Everything from the line containing "blk.add_mtext('500', dxfattribs=at)" to the last line of the records must be returned verbatim; nothing else belongs in the output.
──────── TASK DATA
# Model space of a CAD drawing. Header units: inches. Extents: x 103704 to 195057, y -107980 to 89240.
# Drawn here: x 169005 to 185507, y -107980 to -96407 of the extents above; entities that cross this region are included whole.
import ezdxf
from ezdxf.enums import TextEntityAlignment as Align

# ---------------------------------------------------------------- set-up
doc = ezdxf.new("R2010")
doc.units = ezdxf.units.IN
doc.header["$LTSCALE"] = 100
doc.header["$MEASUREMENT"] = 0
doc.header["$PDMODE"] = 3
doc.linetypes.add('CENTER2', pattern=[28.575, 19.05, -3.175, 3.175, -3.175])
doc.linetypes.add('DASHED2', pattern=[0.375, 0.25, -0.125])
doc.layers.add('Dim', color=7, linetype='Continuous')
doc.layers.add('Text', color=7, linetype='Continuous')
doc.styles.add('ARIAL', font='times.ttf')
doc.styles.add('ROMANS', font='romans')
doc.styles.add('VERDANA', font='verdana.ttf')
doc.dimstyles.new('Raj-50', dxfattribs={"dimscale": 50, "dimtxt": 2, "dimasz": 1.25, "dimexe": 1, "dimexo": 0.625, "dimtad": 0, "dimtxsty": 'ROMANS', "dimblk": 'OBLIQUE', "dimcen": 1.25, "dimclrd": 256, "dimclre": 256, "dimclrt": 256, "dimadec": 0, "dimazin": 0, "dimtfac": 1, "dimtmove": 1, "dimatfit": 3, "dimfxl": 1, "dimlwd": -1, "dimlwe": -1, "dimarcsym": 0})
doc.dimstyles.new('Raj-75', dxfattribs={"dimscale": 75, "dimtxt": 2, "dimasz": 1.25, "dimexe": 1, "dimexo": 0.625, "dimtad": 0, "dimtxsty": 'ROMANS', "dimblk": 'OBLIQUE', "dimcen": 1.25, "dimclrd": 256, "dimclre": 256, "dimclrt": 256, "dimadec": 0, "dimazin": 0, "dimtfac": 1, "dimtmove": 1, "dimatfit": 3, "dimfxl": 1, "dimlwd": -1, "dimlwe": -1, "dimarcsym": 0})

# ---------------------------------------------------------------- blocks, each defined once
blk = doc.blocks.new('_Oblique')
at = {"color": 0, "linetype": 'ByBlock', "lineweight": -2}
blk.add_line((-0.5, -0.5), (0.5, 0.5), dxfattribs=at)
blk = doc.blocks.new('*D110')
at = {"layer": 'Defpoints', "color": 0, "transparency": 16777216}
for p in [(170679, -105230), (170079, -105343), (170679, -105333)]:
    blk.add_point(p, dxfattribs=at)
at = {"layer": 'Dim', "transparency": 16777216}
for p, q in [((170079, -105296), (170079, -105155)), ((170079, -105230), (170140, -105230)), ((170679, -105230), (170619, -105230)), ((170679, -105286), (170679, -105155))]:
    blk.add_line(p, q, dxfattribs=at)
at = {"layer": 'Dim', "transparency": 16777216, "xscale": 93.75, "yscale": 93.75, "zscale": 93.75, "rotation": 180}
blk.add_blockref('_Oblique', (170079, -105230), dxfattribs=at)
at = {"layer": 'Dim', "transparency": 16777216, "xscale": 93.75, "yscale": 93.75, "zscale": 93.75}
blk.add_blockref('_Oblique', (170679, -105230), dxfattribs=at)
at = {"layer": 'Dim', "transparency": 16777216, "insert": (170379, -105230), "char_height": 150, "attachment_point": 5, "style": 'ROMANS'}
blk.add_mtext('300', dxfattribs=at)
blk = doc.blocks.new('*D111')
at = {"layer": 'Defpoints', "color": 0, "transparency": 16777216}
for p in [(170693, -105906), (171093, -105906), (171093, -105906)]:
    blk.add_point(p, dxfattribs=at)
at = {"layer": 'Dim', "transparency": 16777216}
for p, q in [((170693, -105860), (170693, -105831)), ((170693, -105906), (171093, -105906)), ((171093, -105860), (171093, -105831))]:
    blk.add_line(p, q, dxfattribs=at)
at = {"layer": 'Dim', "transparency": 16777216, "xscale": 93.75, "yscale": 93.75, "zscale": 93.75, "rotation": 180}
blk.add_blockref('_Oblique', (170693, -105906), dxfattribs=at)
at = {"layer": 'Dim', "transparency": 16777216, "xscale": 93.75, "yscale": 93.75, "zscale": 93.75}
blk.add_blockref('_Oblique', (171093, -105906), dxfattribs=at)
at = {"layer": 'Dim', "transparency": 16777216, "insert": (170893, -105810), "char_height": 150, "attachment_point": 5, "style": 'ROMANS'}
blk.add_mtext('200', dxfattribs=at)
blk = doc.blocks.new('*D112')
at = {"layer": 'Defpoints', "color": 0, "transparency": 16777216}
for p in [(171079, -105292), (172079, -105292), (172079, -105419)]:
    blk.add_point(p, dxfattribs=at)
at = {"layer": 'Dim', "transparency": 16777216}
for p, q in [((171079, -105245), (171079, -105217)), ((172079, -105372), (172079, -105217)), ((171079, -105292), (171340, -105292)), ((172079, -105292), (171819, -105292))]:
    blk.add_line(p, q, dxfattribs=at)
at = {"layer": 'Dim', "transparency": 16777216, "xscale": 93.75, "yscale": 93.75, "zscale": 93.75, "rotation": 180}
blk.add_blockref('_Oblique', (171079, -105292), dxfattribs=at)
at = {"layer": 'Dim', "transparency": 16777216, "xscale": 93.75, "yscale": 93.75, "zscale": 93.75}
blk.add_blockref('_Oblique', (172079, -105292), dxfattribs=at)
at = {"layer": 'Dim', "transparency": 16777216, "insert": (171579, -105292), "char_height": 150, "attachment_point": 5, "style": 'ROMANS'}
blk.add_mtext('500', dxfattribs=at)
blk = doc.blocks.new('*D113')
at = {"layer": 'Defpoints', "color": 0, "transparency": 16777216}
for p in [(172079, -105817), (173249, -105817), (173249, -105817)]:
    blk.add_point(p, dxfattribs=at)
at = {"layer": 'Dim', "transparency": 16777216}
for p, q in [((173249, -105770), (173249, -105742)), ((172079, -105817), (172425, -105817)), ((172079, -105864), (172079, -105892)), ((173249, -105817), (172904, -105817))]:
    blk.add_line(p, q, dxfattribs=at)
────────────────
WRITTEN SOLUTION:
blk.add_mtext('500', dxfattribs=at)
blk = doc.blocks.new('*D113')
at = {"layer": 'Defpoints', "color": 0, "transparency": 16777216}
for p in [(172079, -105817), (173249, -105817), (173249, -105817)]:
    blk.add_point(p, dxfattribs=at)
at = {"layer": 'Dim', "transparency": 16777216}
for p, q in [((173249, -105770), (173249, -105742)), ((172079, -105817), (172425, -105817)), ((172079, -105864), (172079, -105892)), ((173249, -105817), (172904, -105817))]:
    blk.add_line(p, q, dxfattribs=at)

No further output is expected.